5. Aux termes de l’article D. 312-3 du code de l’entrée et du séjour des étrangers et du droit d’asile : « Une commission placée auprès du ministre des affaires étrangères et du ministre de l’intérieur est chargée d’examiner les recours administratifs contre les décisions de refus de visa de long séjour prises par les autorités diplomatiques ou consulaires.() La saisine de l’une ou l’autre de ces autorités, selon la nature du visa sollicité, est un préalable obligatoire à l’exercice d’un recours contentieux, à peine d’irrecevabilité de ce dernier ». Aux termes de l’article D. 312-5-1 du même code : « La commission peut soit rejeter le recours, soit recommander au ministre des affaires étrangères et au ministre de l’intérieur d’accorder le visa de long séjour sollicité () »

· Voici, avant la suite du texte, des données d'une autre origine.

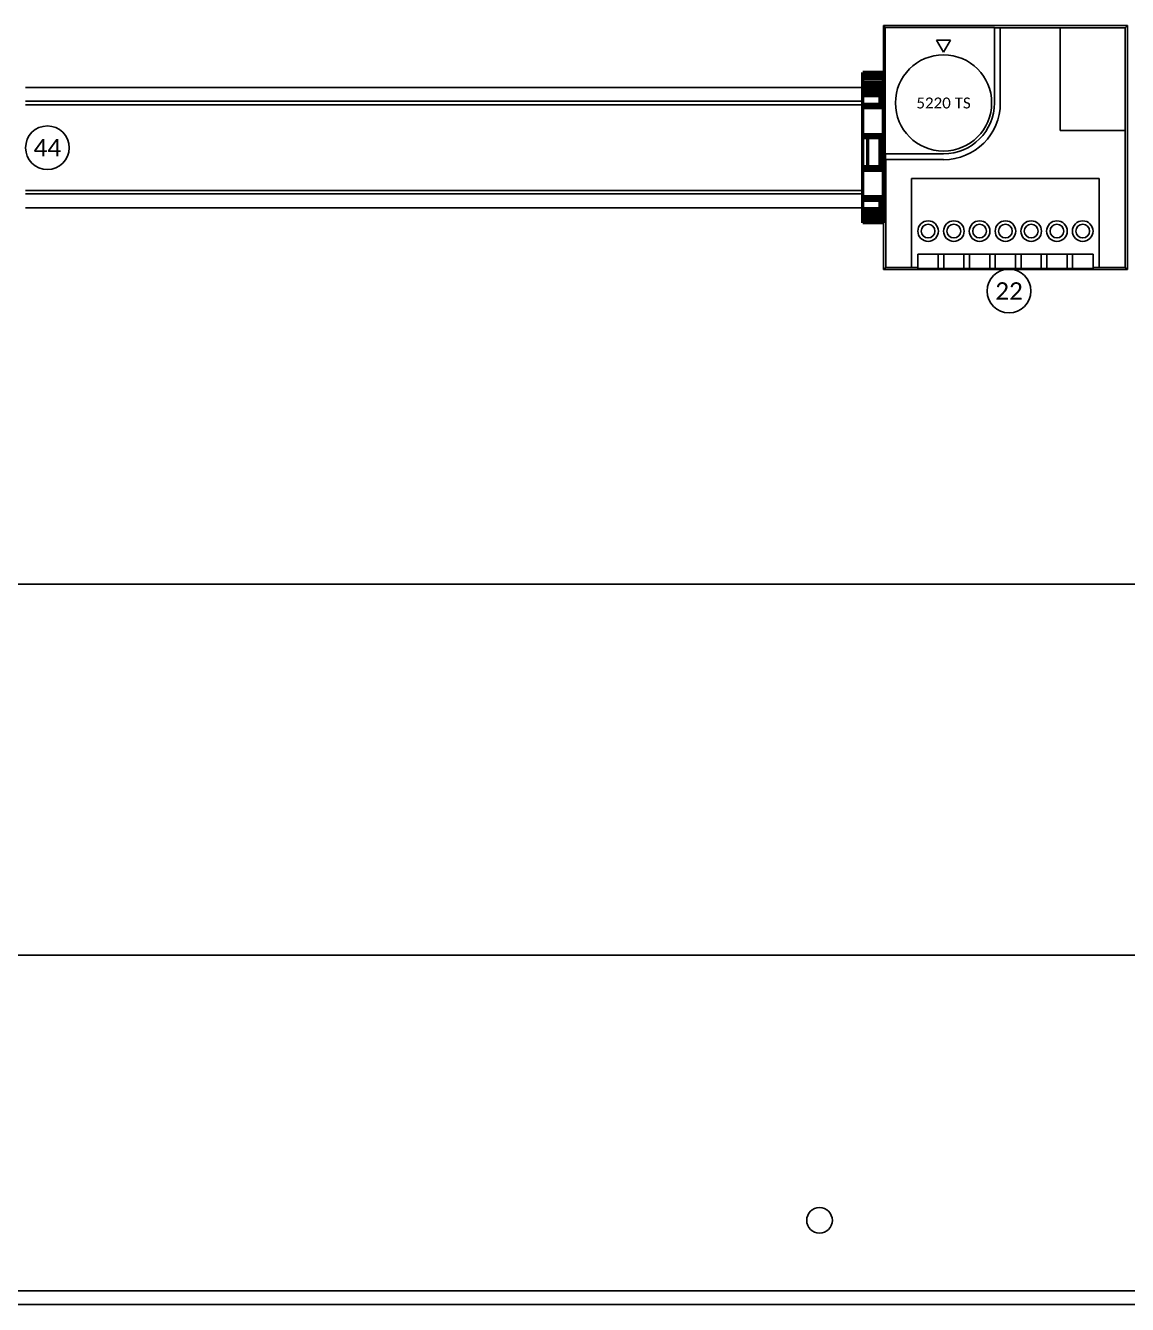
# Model space of a CAD drawing. Header units: inches. Extents: x 0 to 316, y -1 to 150.
# Drawn here: x 191.54 to 204.16, y 61.94 to 76.59 of the extents above; entities that cross this region are included whole.
import ezdxf
from ezdxf.enums import TextEntityAlignment as Align

# ---------------------------------------------------------------- set-up
doc = ezdxf.new("R2010")
doc.units = ezdxf.units.IN
doc.header["$MEASUREMENT"] = 0
doc.linetypes.add('HIDDEN2', pattern=[0.1875, 0.125, -0.0625])
doc.layers.add('AXIS', color=7, linetype='Continuous')
doc.styles.add('Calibri', font='calibri.ttf')

# ---------------------------------------------------------------- blocks, each defined once
blk = doc.blocks.new('Reference Number')
at = {"color": 6, "linetype": 'Continuous'}
blk.add_circle((0, 0), 0.125, dxfattribs=at)
at = {"color": 6, "linetype": 'Continuous', "style": 'Calibri'}
blk.add_attdef('REFERENCE_#', text='', height=0.1, dxfattribs=at).set_placement((0, 0), align=Align.MIDDLE_CENTER)
blk = doc.blocks.new('TEMP SWITCH')
at = {"color": 2}
for p, q in [((0, 2.795), (0, 0)), ((2.795, 2.795), (0, 2.795)), ((0.022, 2.773), (0, 2.795)), ((2.771, 2.771), (2.795, 2.795)), ((2.795, 0), (2.795, 2.795)), ((0.022, 2.773), (0.022, 1.327)), ((1.272, 2.773), (0.022, 2.773)), ((1.272, 1.909), (1.272, 2.773)), ((1.339, 2.771), (1.272, 2.771)), ((1.339, 2.771), (1.339, 1.909)), ((2.024, 2.77), (1.339, 2.77)), ((2.024, 1.594), (2.024, 2.771)), ((2.771, 2.771), (2.024, 2.771)), ((2.771, 1.594), (2.771, 2.771)), ((0.768, 2.63), (0.61, 2.63)), ((0.61, 2.63), (0.689, 2.492)), ((0.689, 2.492), (0.768, 2.63)), ((2.024, 1.594), (2.771, 1.594)), ((2.77, 0.026), (2.77, 1.594)), ((0.022, 1.327), (0.689, 1.327)), ((0.025, 1.327), (0.025, 1.26)), ((0.025, 1.26), (0.689, 1.26)), ((0.026, 1.26), (0.026, 0.026)), ((0.323, 1.043), (0.323, 0.025)), ((0.323, 1.043), (2.472, 1.043)), ((2.472, 0.025), (2.472, 1.043)), ((0.394, 0.012), (0.394, 0.177)), ((2.402, 0.177), (0.394, 0.177)), ((0.628, 0.177), (0.628, 0.012)), ((0.691, 0.177), (0.691, 0.012)), ((0.923, 0.177), (0.923, 0.012)), ((0.986, 0.177), (0.986, 0.012)), ((1.219, 0.177), (1.219, 0.012)), ((1.281, 0.177), (1.281, 0.012)), ((1.514, 0.177), (1.514, 0.012)), ((1.577, 0.177), (1.577, 0.012)), ((1.809, 0.177), (1.809, 0.012)), ((1.872, 0.177), (1.872, 0.012)), ((2.104, 0.177), (2.104, 0.012)), ((2.167, 0.177), (2.167, 0.012)), ((2.402, 0.177), (2.402, 0.012)), ((0.026, 0.026), (0, 0)), ((0, 0), (2.795, 0)), ((0.026, 0.026), (0.323, 0.026)), ((0.323, 0.025), (0.394, 0.025)), ((0.423, 0.01), (0.423, 0.007)), ((0.6, 0.007), (0.6, 0.01)), ((0.719, 0.01), (0.719, 0.007)), ((0.896, 0.007), (0.896, 0.01)), ((1.014, 0.01), (1.014, 0.007)), ((1.191, 0.007), (1.191, 0.01)), ((1.309, 0.01), (1.309, 0.007)), ((1.486, 0.007), (1.486, 0.01)), ((1.604, 0.01), (1.604, 0.007)), ((1.782, 0.007), (1.782, 0.01)), ((1.9, 0.01), (1.9, 0.007)), ((2.077, 0.007), (2.077, 0.01)), ((2.195, 0.01), (2.195, 0.007)), ((2.372, 0.007), (2.372, 0.01)), ((2.402, 0.025), (2.472, 0.025)), ((2.472, 0.026), (2.77, 0.026)), ((2.77, 0.026), (2.795, 0))]:
    blk.add_line(p, q, dxfattribs=at)
for points in [[(0.628, 0.012), (0.62, 0.013), (0.611, 0.013), (0.601, 0.013), (0.591, 0.013), (0.58, 0.013), (0.569, 0.014), (0.557, 0.014), (0.544, 0.014), (0.532, 0.014), (0.519, 0.014), (0.507, 0.014), (0.494, 0.014), (0.481, 0.014), (0.469, 0.014), (0.457, 0.014), (0.446, 0.013), (0.434, 0.013), (0.424, 0.013), (0.414, 0.013), (0.405, 0.013), (0.397, 0.012), (0.394, 0.012)], [(0.6, 0.01), (0.6, 0.01), (0.599, 0.011), (0.597, 0.011), (0.595, 0.011), (0.592, 0.011), (0.589, 0.011), (0.584, 0.011), (0.58, 0.012), (0.574, 0.012), (0.569, 0.012), (0.563, 0.012), (0.556, 0.012), (0.549, 0.012), (0.542, 0.012), (0.535, 0.012), (0.527, 0.012), (0.52, 0.012), (0.512, 0.012), (0.504, 0.012), (0.496, 0.012), (0.489, 0.012), (0.482, 0.012), (0.474, 0.012), (0.468, 0.012), (0.461, 0.012), (0.455, 0.012), (0.449, 0.012), (0.444, 0.012), (0.439, 0.011), (0.435, 0.011), (0.432, 0.011), (0.429, 0.011), (0.426, 0.011), (0.425, 0.011), (0.424, 0.01), (0.423, 0.01)], [(0.423, 0.007), (0.424, 0.007), (0.425, 0.007), (0.426, 0.006), (0.429, 0.006), (0.432, 0.006), (0.435, 0.006), (0.439, 0.006), (0.444, 0.006), (0.449, 0.005), (0.455, 0.005), (0.461, 0.005), (0.468, 0.005), (0.474, 0.005), (0.482, 0.005), (0.489, 0.005), (0.496, 0.005), (0.504, 0.005), (0.512, 0.005), (0.52, 0.005), (0.527, 0.005), (0.535, 0.005), (0.542, 0.005), (0.549, 0.005), (0.556, 0.005), (0.563, 0.005), (0.569, 0.005), (0.574, 0.005), (0.58, 0.006), (0.584, 0.006), (0.589, 0.006), (0.592, 0.006), (0.595, 0.006), (0.597, 0.006), (0.599, 0.007), (0.6, 0.007), (0.6, 0.007)], [(0.628, 0.012), (0.63, 0.012), (0.633, 0.012), (0.635, 0.012), (0.638, 0.012), (0.641, 0.012), (0.644, 0.012), (0.647, 0.012), (0.651, 0.012), (0.654, 0.012), (0.657, 0.012), (0.661, 0.012), (0.664, 0.012), (0.668, 0.012), (0.671, 0.012), (0.674, 0.012), (0.677, 0.012), (0.68, 0.012), (0.683, 0.012), (0.686, 0.012), (0.688, 0.012), (0.691, 0.012), (0.691, 0.012)], [(0.923, 0.012), (0.915, 0.013), (0.906, 0.013), (0.897, 0.013), (0.886, 0.013), (0.875, 0.013), (0.864, 0.014), (0.852, 0.014), (0.84, 0.014), (0.827, 0.014), (0.815, 0.014), (0.802, 0.014), (0.789, 0.014), (0.777, 0.014), (0.764, 0.014), (0.752, 0.014), (0.741, 0.013), (0.73, 0.013), (0.719, 0.013), (0.709, 0.013), (0.7, 0.013), (0.692, 0.012), (0.691, 0.012)], [(0.896, 0.01), (0.895, 0.01), (0.894, 0.011), (0.893, 0.011), (0.89, 0.011), (0.887, 0.011), (0.884, 0.011), (0.88, 0.011), (0.875, 0.012), (0.87, 0.012), (0.864, 0.012), (0.858, 0.012), (0.851, 0.012), (0.845, 0.012), (0.837, 0.012), (0.83, 0.012), (0.822, 0.012), (0.815, 0.012), (0.807, 0.012), (0.799, 0.012), (0.792, 0.012), (0.784, 0.012), (0.777, 0.012), (0.77, 0.012), (0.763, 0.012), (0.756, 0.012), (0.75, 0.012), (0.744, 0.012), (0.739, 0.012), (0.735, 0.011), (0.73, 0.011), (0.727, 0.011), (0.724, 0.011), (0.722, 0.011), (0.72, 0.011), (0.719, 0.01), (0.719, 0.01)], [(0.719, 0.007), (0.719, 0.007), (0.72, 0.007), (0.722, 0.006), (0.724, 0.006), (0.727, 0.006), (0.73, 0.006), (0.735, 0.006), (0.739, 0.006), (0.744, 0.005), (0.75, 0.005), (0.756, 0.005), (0.763, 0.005), (0.77, 0.005), (0.777, 0.005), (0.784, 0.005), (0.792, 0.005), (0.799, 0.005), (0.807, 0.005), (0.815, 0.005), (0.822, 0.005), (0.83, 0.005), (0.837, 0.005), (0.845, 0.005), (0.851, 0.005), (0.858, 0.005), (0.864, 0.005), (0.87, 0.005), (0.875, 0.006), (0.88, 0.006), (0.884, 0.006), (0.887, 0.006), (0.89, 0.006), (0.893, 0.006), (0.894, 0.007), (0.895, 0.007), (0.896, 0.007)], [(0.923, 0.012), (0.926, 0.012), (0.928, 0.012), (0.931, 0.012), (0.933, 0.012), (0.936, 0.012), (0.939, 0.012), (0.943, 0.012), (0.946, 0.012), (0.949, 0.012), (0.953, 0.012), (0.956, 0.012), (0.96, 0.012), (0.963, 0.012), (0.966, 0.012), (0.97, 0.012), (0.973, 0.012), (0.976, 0.012), (0.978, 0.012), (0.981, 0.012), (0.984, 0.012), (0.986, 0.012), (0.986, 0.012)], [(1.219, 0.012), (1.21, 0.013), (1.202, 0.013), (1.192, 0.013), (1.182, 0.013), (1.171, 0.013), (1.159, 0.014), (1.147, 0.014), (1.135, 0.014), (1.122, 0.014), (1.11, 0.014), (1.097, 0.014), (1.084, 0.014), (1.072, 0.014), (1.06, 0.014), (1.048, 0.014), (1.036, 0.013), (1.025, 0.013), (1.015, 0.013), (1.005, 0.013), (0.996, 0.013), (0.987, 0.012), (0.986, 0.012)], [(1.191, 0.01), (1.191, 0.01), (1.19, 0.011), (1.188, 0.011), (1.186, 0.011), (1.183, 0.011), (1.179, 0.011), (1.175, 0.011), (1.17, 0.012), (1.165, 0.012), (1.159, 0.012), (1.153, 0.012), (1.147, 0.012), (1.14, 0.012), (1.133, 0.012), (1.125, 0.012), (1.118, 0.012), (1.11, 0.012), (1.102, 0.012), (1.095, 0.012), (1.087, 0.012), (1.079, 0.012), (1.072, 0.012), (1.065, 0.012), (1.058, 0.012), (1.052, 0.012), (1.045, 0.012), (1.04, 0.012), (1.035, 0.012), (1.03, 0.011), (1.026, 0.011), (1.022, 0.011), (1.019, 0.011), (1.017, 0.011), (1.015, 0.011), (1.014, 0.01), (1.014, 0.01)], [(1.014, 0.007), (1.014, 0.007), (1.015, 0.007), (1.017, 0.006), (1.019, 0.006), (1.022, 0.006), (1.026, 0.006), (1.03, 0.006), (1.035, 0.006), (1.04, 0.005), (1.045, 0.005), (1.052, 0.005), (1.058, 0.005), (1.065, 0.005), (1.072, 0.005), (1.079, 0.005), (1.087, 0.005), (1.095, 0.005), (1.102, 0.005), (1.11, 0.005), (1.118, 0.005), (1.125, 0.005), (1.133, 0.005), (1.14, 0.005), (1.147, 0.005), (1.153, 0.005), (1.159, 0.005), (1.165, 0.005), (1.17, 0.006), (1.175, 0.006), (1.179, 0.006), (1.183, 0.006), (1.186, 0.006), (1.188, 0.006), (1.19, 0.007), (1.191, 0.007), (1.191, 0.007)], [(1.219, 0.012), (1.221, 0.012), (1.223, 0.012), (1.226, 0.012), (1.229, 0.012), (1.232, 0.012), (1.235, 0.012), (1.238, 0.012), (1.241, 0.012), (1.245, 0.012), (1.248, 0.012), (1.251, 0.012), (1.255, 0.012), (1.258, 0.012), (1.262, 0.012), (1.265, 0.012), (1.268, 0.012), (1.271, 0.012), (1.274, 0.012), (1.276, 0.012), (1.279, 0.012), (1.281, 0.012), (1.281, 0.012)], [(1.514, 0.012), (1.506, 0.013), (1.497, 0.013), (1.487, 0.013), (1.477, 0.013), (1.466, 0.013), (1.454, 0.014), (1.442, 0.014), (1.43, 0.014), (1.418, 0.014), (1.405, 0.014), (1.392, 0.014), (1.38, 0.014), (1.367, 0.014), (1.355, 0.014), (1.343, 0.014), (1.331, 0.013), (1.32, 0.013), (1.31, 0.013), (1.3, 0.013), (1.291, 0.013), (1.283, 0.012), (1.281, 0.012)], [(1.486, 0.01), (1.486, 0.01), (1.485, 0.011), (1.483, 0.011), (1.481, 0.011), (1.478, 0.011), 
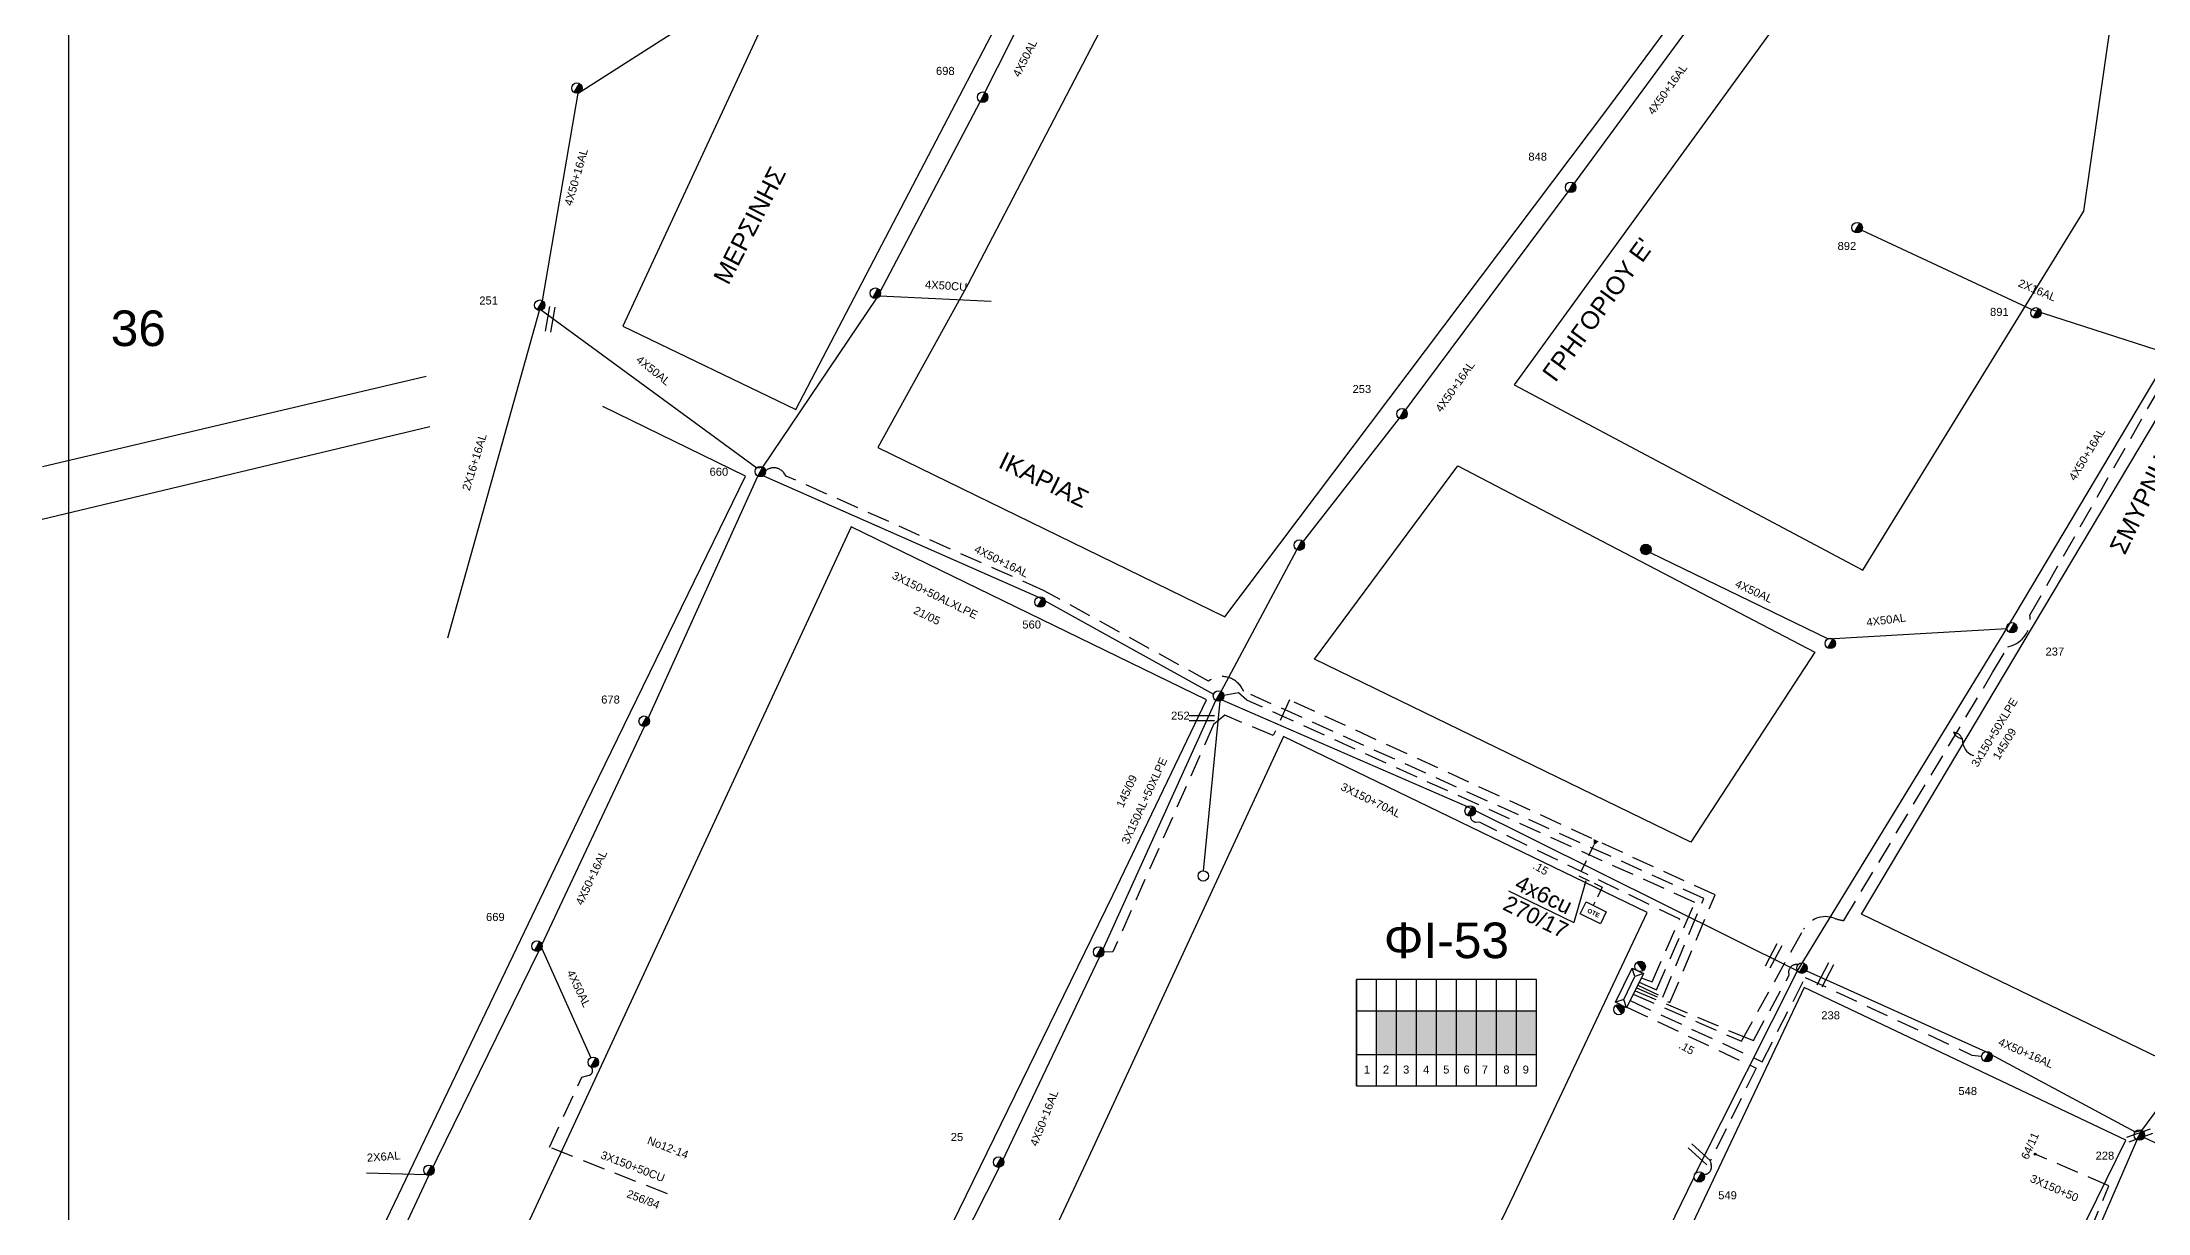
# Model space of a CAD drawing. Header units: millimetres. Extents: x 1080 to 2112, y 851 to 1323.
# Drawn here: x 1080.2 to 1317.1, y 991.9 to 1123.5 of the extents above; entities that cross this region are included whole.
import ezdxf
from ezdxf.enums import TextEntityAlignment as Align

# ---------------------------------------------------------------- set-up
doc = ezdxf.new("R2010")
doc.units = ezdxf.units.MM
doc.linetypes.add('DASHED', pattern=[19.05, 12.7, -6.35])
for name, color, linetype in [('Pillar OTE', 7, 'Continuous'), ('Άγνωστα', 7, 'DASHED'), ('Ασφαλειοκιβώτια Χ.Τ 9 αναχωρήσεων', 7, 'Continuous'), ('Γυμνά εναέρια ΧΤ (1Φ)   2x16AL', 7, 'Continuous'), ('Γυμνά εναέρια ΧΤ (3Φ)   4x50AL', 7, 'Continuous'), ('Γυμνά εναέρια ΧΤ (3Φ)   4x50CU', 7, 'Continuous'), ('Γυμνά εναέρια ΧΤ και ΦΟΠ (1Φ)   2x16+16AL', 7, 'Continuous'), ('Γυμνά εναέρια ΧΤ και ΦΟΠ (3Φ)   4x50+16AL', 7, 'Continuous'), ('Επιγραφές - Σχήματα', 7, 'Continuous'), ('Καλώδια ΧΤ   2x6AL', 7, 'DASHED'), ('Καλώδια ΧΤ   3x150+50ALXLPE', 7, 'DASHED'), ('Καλώδια ΧΤ   3x150+50CU', 7, 'DASHED'), ('Καλώδια ΧΤ   3x150+70AL', 7, 'DASHED'), ('Καλώδια ΧΤ   3x150AL+50CU', 7, 'DASHED'), ('Καλώδια ΧΤ   3x150AL+50XLPE', 7, 'DASHED'), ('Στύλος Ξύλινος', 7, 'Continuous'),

6. Pour justifier l’urgence particulière à suspendre la décision attaquée Mme A reprend, pour l’essentiel, les arguments développés dans le cadre de sa première requête, à savoir que celle-ci a pour effet de séparer son couple, alors qu’ils sont mariés depuis plus d’un an, que la sincérité de leur union est établie, que son époux a des obligations professionnelles en France et n’a plus les moyens financiers pour lui rendre visite, mais également que la décision l’isole de ses deux filles qui résident en France. Toutefois, il résulte de l’instruction, d’une part, que la demande de visa ayant été déposée le 6 février 2025, la séparation ne peut être considérée comme perdurant sur une longue durée, et d’autre part, qu’en se bornant à produire des attestations corroborées par aucun élément, Mme A ne démontre pas que son époux et ses filles seraient empêchés de venir la visiter en Tunisie. Par suite, les circonstances invoquées ne suffisent pas à justifier de l’urgence particulière. Au demeurant, dès lors que la commission de recours contre les décisions de refus de visa d’entrée en France a, par une décision favorable à la requérante, recommandé au ministre d’Etat, ministre de l’intérieur de délivrer un visa d’entrée et de long séjour à Mme A, la situation de cette dernière sera réexaminée dans un délai de deux mois. Dans ces conditions, alors que la suspension de la décision attaquée aurait le même effet, les considérations ainsi exposées ne sont pas de nature à caractériser une urgence au sens des dispositions de l’article L. 521-1 du code de justice administrative.
7. Il résulte de ce qui précède, sans qu’il soit besoin de statuer sur l’existence d’un doute sérieux quant à la légalité de la décision attaquée, que la requête de Mme A doit être rejetée en toutes ses conclusions.
O R D O N N E :
Article 1er : La requête de Mme A est rejetée.
Article 2 : L’ordonnance sera notifiée à Mme B A et au ministre d’Etat, ministre de l’intérieur.
Fait à Nantes, le 30 juillet 2025.
La juge des référés,La greffière,
C. MORENOM-C. MINARD
La République mande et ordonne au ministre d’Etat, ministre de l’intérieur en ce qui le concerne ou à tous commissaires de justice à ce requis en ce qui concerne les voies de droit commun contre les parties privées, de pourvoir à l’exécution de la présente décision.